- _Requirement_: Find the line in the entries below that contains "#4782 = CIRCLE ( 'NONE', #20985, 2. ) ;". Repeat it exactly, and every line after it through the line that contains "#7930 = DIRECTION".

- _Data to use_:

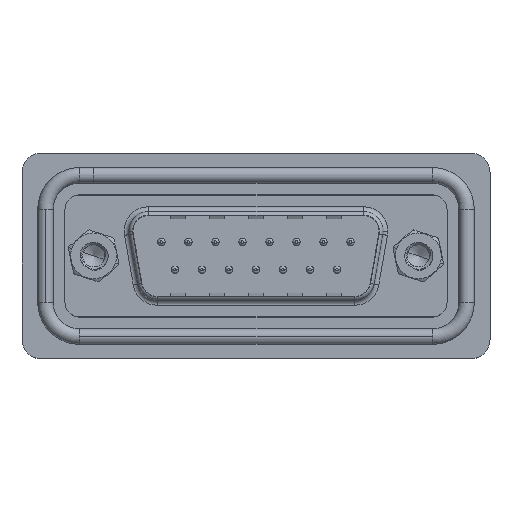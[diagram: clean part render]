
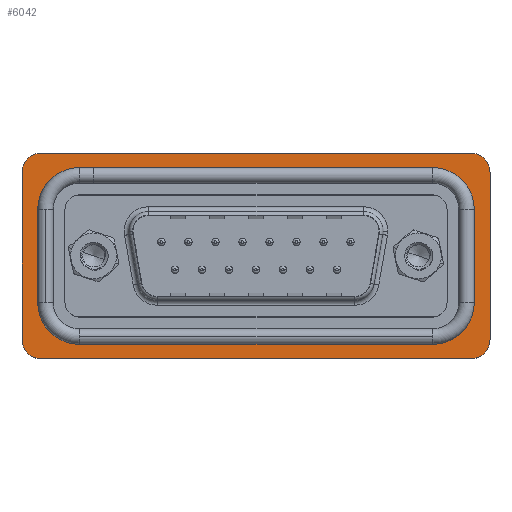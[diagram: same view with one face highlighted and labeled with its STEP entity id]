
A CAD part, top view. The second image highlights one B-rep face of the part: STEP entity #6042.
In plain terms, the highlighted planar face has unit normal (0, 0, 1).
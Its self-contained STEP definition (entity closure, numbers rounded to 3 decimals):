
#1 = DIRECTION ( 'NONE',  ( 1., 0., 0. ) ) ;
#144 = DIRECTION ( 'NONE',  ( 0., 0., 1. ) ) ;
#548 = CARTESIAN_POINT ( 'NONE',  ( -5.745, 4.775, 0.5 ) ) ;
#574 = VERTEX_POINT ( 'NONE', #4272 ) ;
#675 = VERTEX_POINT ( 'NONE', #23136 ) ;
#723 = CARTESIAN_POINT ( 'NONE',  ( -1.445, -4.775, 0.5 ) ) ;
#851 = EDGE_CURVE ( 'NONE', #675, #5980, #16521, .T. ) ;
#870 = EDGE_CURVE ( 'NONE', #10728, #18896, #9455, .T. ) ;
#1042 = CIRCLE ( 'NONE', #21772, 4.3 ) ;
#1119 = DIRECTION ( 'NONE',  ( 0., 1., 0. ) ) ;
#1231 = EDGE_CURVE ( 'NONE', #18782, #4588, #1042, .T. ) ;
#2167 = AXIS2_PLACEMENT_3D ( 'NONE', #17906, #16360, #19784 ) ;
#2419 = VERTEX_POINT ( 'NONE', #10241 ) ;
#2439 = EDGE_CURVE ( 'NONE', #2419, #18794, #4835, .T. ) ;
#2691 = ORIENTED_EDGE ( 'NONE', *, *, #21393, .F. ) ;
#2757 = DIRECTION ( 'NONE',  ( -1., 0., 0. ) ) ;
#2771 = ORIENTED_EDGE ( 'NONE', *, *, #1231, .F. ) ;
#2918 = CIRCLE ( 'NONE', #2167, 2. ) ;
#3143 = CARTESIAN_POINT ( 'NONE',  ( 39.045, -4.775, 0.5 ) ) ;
#3161 = DIRECTION ( 'NONE',  ( 0., 0., 1. ) ) ;
#3282 = VECTOR ( 'NONE', #1, 1000. ) ;
#3329 = VECTOR ( 'NONE', #21056, 1000. ) ;
#3696 = AXIS2_PLACEMENT_3D ( 'NONE', #6301, #20702, #4542 ) ;
#3798 = CARTESIAN_POINT ( 'NONE',  ( 34.745, 9.075, 0.5 ) ) ;
#4014 = CARTESIAN_POINT ( 'NONE',  ( -1.445, 9.075, 0.5 ) ) ;
#4272 = CARTESIAN_POINT ( 'NONE',  ( 38.65, 10.55, 0.5 ) ) ;
#4430 = AXIS2_PLACEMENT_3D ( 'NONE', #18555, #13607, #7930 ) ;
#4542 = DIRECTION ( 'NONE',  ( 1., 0., 0. ) ) ;
#4588 = VERTEX_POINT ( 'NONE', #3798 ) ;
#4708 = EDGE_CURVE ( 'NONE', #5980, #10728, #19872, .T. ) ;
#4782 = CIRCLE ( 'NONE', #20985, 2. ) ;
#4835 = LINE ( 'NONE', #22307, #23162 ) ;
#5149 = EDGE_CURVE ( 'NONE', #574, #11581, #14416, .T. ) ;
#5763 = VERTEX_POINT ( 'NONE', #548 ) ;
#5777 = ORIENTED_EDGE ( 'NONE', *, *, #6747, .F. ) ;
#5778 = CARTESIAN_POINT ( 'NONE',  ( -7.35, 8.55, 0.5 ) ) ;
#5883 = DIRECTION ( 'NONE',  ( 1., 0., 0. ) ) ;
#5884 = CARTESIAN_POINT ( 'NONE',  ( 38.65, -10.55, 0.5 ) ) ;
#5918 = ORIENTED_EDGE ( 'NONE', *, *, #4708, .T. ) ;
#5980 = VERTEX_POINT ( 'NONE', #15317 ) ;
#6042 = ADVANCED_FACE ( 'NONE', ( #12113, #17777 ), #21660, .T. ) ;
#6199 = AXIS2_PLACEMENT_3D ( 'NONE', #7343, #144, #5883 ) ;
#6297 = DIRECTION ( 'NONE',  ( 1., 0., 0. ) ) ;
#6301 = CARTESIAN_POINT ( 'NONE',  ( -1.445, 4.775, 0.5 ) ) ;
#6711 = DIRECTION ( 'NONE',  ( -1., 0., 0. ) ) ;
#6747 = EDGE_CURVE ( 'NONE', #18794, #13230, #9990, .T. ) ;
#7139 = DIRECTION ( 'NONE',  ( 0., 0., 1. ) ) ;
#7253 = EDGE_LOOP ( 'NONE', ( #18759, #16555, #21985, #9967, #16709, #10676, #5918, #8011 ) ) ;
#7343 = CARTESIAN_POINT ( 'NONE',  ( 34.745, -4.775, 0.5 ) ) ;
#7930 = DIRECTION ( 'NONE',  ( 1., 0., 0. ) ) ;
#7999 = CARTESIAN_POINT ( 'NONE',  ( 34.745, -9.075, 0.5 ) ) ;
#8011 = ORIENTED_EDGE ( 'NONE', *, *, #870, .T. ) ;
#8246 = AXIS2_PLACEMENT_3D ( 'NONE', #723, #20544, #22432 ) ;
#8318 = CARTESIAN_POINT ( 'NONE',  ( 39.045, -4.775, 0.5 ) ) ;
#8341 = CARTESIAN_POINT ( 'NONE',  ( -5.745, -4.775, 0.5 ) ) ;
#8921 = CARTESIAN_POINT ( 'NONE',  ( 40.65, -8.55, 0.5 ) ) ;
#9023 = VECTOR ( 'NONE', #22860, 1000. ) ;
#9159 = CARTESIAN_POINT ( 'NONE',  ( 38.65, 8.55, 0.5 ) ) ;
#9207 = AXIS2_PLACEMENT_3D ( 'NONE', #9159, #7139, #23313 ) ;
#9396 = CIRCLE ( 'NONE', #8246, 4.3 ) ;
#9455 = LINE ( 'NONE', #21838, #10833 ) ;
#9619 = EDGE_CURVE ( 'NONE', #18896, #574, #4782, .T. ) ;
#9967 = ORIENTED_EDGE ( 'NONE', *, *, #11232, .T. ) ;
#9990 = CIRCLE ( 'NONE', #6199, 4.3 ) ;
#10241 = CARTESIAN_POINT ( 'NONE',  ( -1.445, -9.075, 0.5 ) ) ;
#10278 = DIRECTION ( 'NONE',  ( 1., 0., 0. ) ) ;
#10292 = ORIENTED_EDGE ( 'NONE', *, *, #2439, .F. ) ;
#10327 = CARTESIAN_POINT ( 'NONE',  ( -7.35, -8.55, 0.5 ) ) ;
#10676 = ORIENTED_EDGE ( 'NONE', *, *, #851, .T. ) ;
#10728 = VERTEX_POINT ( 'NONE', #8921 ) ;
#10833 = VECTOR ( 'NONE', #14419, 1000. ) ;
#11163 = EDGE_CURVE ( 'NONE', #17077, #5763, #16155, .T. ) ;
#11173 = EDGE_CURVE ( 'NONE', #19382, #675, #22553, .T. ) ;
#11232 = EDGE_CURVE ( 'NONE', #16424, #19382, #14221, .T. ) ;
#11581 = VERTEX_POINT ( 'NONE', #20875 ) ;
#11746 = CARTESIAN_POINT ( 'NONE',  ( -5.35, -8.55, 0.5 ) ) ;
#11811 = CARTESIAN_POINT ( 'NONE',  ( 34.745, 9.075, 0.5 ) ) ;
#11989 = LINE ( 'NONE', #8318, #16513 ) ;
#12067 = ORIENTED_EDGE ( 'NONE', *, *, #16621, .F. ) ;
#12113 = FACE_BOUND ( 'NONE', #16719, .T. ) ;
#12138 = ORIENTED_EDGE ( 'NONE', *, *, #11163, .F. ) ;
#12155 = LINE ( 'NONE', #11811, #19233 ) ;
#12379 = CARTESIAN_POINT ( 'NONE',  ( 34.745, 4.775, 0.5 ) ) ;
#12387 = AXIS2_PLACEMENT_3D ( 'NONE', #11746, #18933, #2757 ) ;
#12634 = DIRECTION ( 'NONE',  ( -1., 0., 0. ) ) ;
#13230 = VERTEX_POINT ( 'NONE', #3143 ) ;
#13422 = EDGE_CURVE ( 'NONE', #11581, #16424, #2918, .T. ) ;
#13607 = DIRECTION ( 'NONE',  ( 0., 0., 1. ) ) ;
#13833 = EDGE_CURVE ( 'NONE', #13230, #18782, #11989, .T. ) ;
#14221 = LINE ( 'NONE', #10327, #3329 ) ;
#14416 = LINE ( 'NONE', #21595, #21994 ) ;
#14419 = DIRECTION ( 'NONE',  ( 0., 1., 0. ) ) ;
#15293 = DIRECTION ( 'NONE',  ( 0., 0., 1. ) ) ;
#15317 = CARTESIAN_POINT ( 'NONE',  ( 38.65, -10.55, 0.5 ) ) ;
#15560 = LINE ( 'NONE', #22746, #9023 ) ;
#16018 = CARTESIAN_POINT ( 'NONE',  ( 40.65, 8.55, 0.5 ) ) ;
#16155 = CIRCLE ( 'NONE', #3696, 4.3 ) ;
#16360 = DIRECTION ( 'NONE',  ( 0., 0., 1. ) ) ;
#16424 = VERTEX_POINT ( 'NONE', #5778 ) ;
#16513 = VECTOR ( 'NONE', #1119, 1000. ) ;
#16521 = LINE ( 'NONE', #5884, #3282 ) ;
#16555 = ORIENTED_EDGE ( 'NONE', *, *, #5149, .T. ) ;
#16621 = EDGE_CURVE ( 'NONE', #4588, #17077, #12155, .T. ) ;
#16667 = ORIENTED_EDGE ( 'NONE', *, *, #13833, .F. ) ;
#16709 = ORIENTED_EDGE ( 'NONE', *, *, #11173, .T. ) ;
#16719 = EDGE_LOOP ( 'NONE', ( #2771, #16667, #5777, #10292, #23336, #2691, #12138, #12067 ) ) ;
#17077 = VERTEX_POINT ( 'NONE', #4014 ) ;
#17450 = DIRECTION ( 'NONE',  ( 1., 0., 0. ) ) ;
#17777 = FACE_OUTER_BOUND ( 'NONE', #7253, .T. ) ;
#17906 = CARTESIAN_POINT ( 'NONE',  ( -5.35, 8.55, 0.5 ) ) ;
#18555 = CARTESIAN_POINT ( 'NONE',  ( 38.65, -8.55, 0.5 ) ) ;
#18759 = ORIENTED_EDGE ( 'NONE', *, *, #9619, .T. ) ;
#18782 = VERTEX_POINT ( 'NONE', #22505 ) ;
#18794 = VERTEX_POINT ( 'NONE', #7999 ) ;
#18811 = VERTEX_POINT ( 'NONE', #8341 ) ;
#18896 = VERTEX_POINT ( 'NONE', #16018 ) ;
#18933 = DIRECTION ( 'NONE',  ( 0., 0., 1. ) ) ;
#19036 = CARTESIAN_POINT ( 'NONE',  ( 38.65, 8.55, 0.5 ) ) ;
#19233 = VECTOR ( 'NONE', #6711, 1000. ) ;
#19382 = VERTEX_POINT ( 'NONE', #21295 ) ;
#19784 = DIRECTION ( 'NONE',  ( 1., 0., 0. ) ) ;
#19872 = CIRCLE ( 'NONE', #4430, 2. ) ;
#20544 = DIRECTION ( 'NONE',  ( 0., 0., 1. ) ) ;
#20702 = DIRECTION ( 'NONE',  ( 0., 0., 1. ) ) ;
#20748 = EDGE_CURVE ( 'NONE', #18811, #2419, #9396, .T. ) ;
#20875 = CARTESIAN_POINT ( 'NONE',  ( -5.35, 10.55, 0.5 ) ) ;
#20985 = AXIS2_PLACEMENT_3D ( 'NONE', #19036, #15293, #6297 ) ;
#21056 = DIRECTION ( 'NONE',  ( 0., -1., 0. ) ) ;
#21295 = CARTESIAN_POINT ( 'NONE',  ( -7.35, -8.55, 0.5 ) ) ;
#21393 = EDGE_CURVE ( 'NONE', #5763, #18811, #15560, .T. ) ;
#21595 = CARTESIAN_POINT ( 'NONE',  ( 38.65, 10.55, 0.5 ) ) ;
#21660 = PLANE ( 'NONE',  #9207 ) ;
#21772 = AXIS2_PLACEMENT_3D ( 'NONE', #12379, #3161, #17450 ) ;
#21838 = CARTESIAN_POINT ( 'NONE',  ( 40.65, -8.55, 0.5 ) ) ;
#21985 = ORIENTED_EDGE ( 'NONE', *, *, #13422, .T. ) ;
#21994 = VECTOR ( 'NONE', #12634, 1000. ) ;
#22307 = CARTESIAN_POINT ( 'NONE',  ( -1.445, -9.075, 0.5 ) ) ;
#22432 = DIRECTION ( 'NONE',  ( 1., 0., 0. ) ) ;
#22505 = CARTESIAN_POINT ( 'NONE',  ( 39.045, 4.775, 0.5 ) ) ;
#22553 = CIRCLE ( 'NONE', #12387, 2. ) ;
#22746 = CARTESIAN_POINT ( 'NONE',  ( -5.745, 4.775, 0.5 ) ) ;
#22860 = DIRECTION ( 'NONE',  ( 0., -1., 0. ) ) ;
#23136 = CARTESIAN_POINT ( 'NONE',  ( -5.35, -10.55, 0.5 ) ) ;
#23162 = VECTOR ( 'NONE', #10278, 1000. ) ;
#23313 = DIRECTION ( 'NONE',  ( 1., 0., 0. ) ) ;
#23336 = ORIENTED_EDGE ( 'NONE', *, *, #20748, .F. ) ;

- _Reply_:
#4782 = CIRCLE ( 'NONE', #20985, 2. ) ;
#4835 = LINE ( 'NONE', #22307, #23162 ) ;
#5149 = EDGE_CURVE ( 'NONE', #574, #11581, #14416, .T. ) ;
#5763 = VERTEX_POINT ( 'NONE', #548 ) ;
#5777 = ORIENTED_EDGE ( 'NONE', *, *, #6747, .F. ) ;
#5778 = CARTESIAN_POINT ( 'NONE',  ( -7.35, 8.55, 0.5 ) ) ;
#5883 = DIRECTION ( 'NONE',  ( 1., 0., 0. ) ) ;
#5884 = CARTESIAN_POINT ( 'NONE',  ( 38.65, -10.55, 0.5 ) ) ;
#5918 = ORIENTED_EDGE ( 'NONE', *, *, #4708, .T. ) ;
#5980 = VERTEX_POINT ( 'NONE', #15317 ) ;
#6042 = ADVANCED_FACE ( 'NONE', ( #12113, #17777 ), #21660, .T. ) ;
#6199 = AXIS2_PLACEMENT_3D ( 'NONE', #7343, #144, #5883 ) ;
#6297 = DIRECTION ( 'NONE',  ( 1., 0., 0. ) ) ;
#6301 = CARTESIAN_POINT ( 'NONE',  ( -1.445, 4.775, 0.5 ) ) ;
#6711 = DIRECTION ( 'NONE',  ( -1., 0., 0. ) ) ;
#6747 = EDGE_CURVE ( 'NONE', #18794, #13230, #9990, .T. ) ;
#7139 = DIRECTION ( 'NONE',  ( 0., 0., 1. ) ) ;
#7253 = EDGE_LOOP ( 'NONE', ( #18759, #16555, #21985, #9967, #16709, #10676, #5918, #8011 ) ) ;
#7343 = CARTESIAN_POINT ( 'NONE',  ( 34.745, -4.775, 0.5 ) ) ;
#7930 = DIRECTION ( 'NONE',  ( 1., 0., 0. ) ) ;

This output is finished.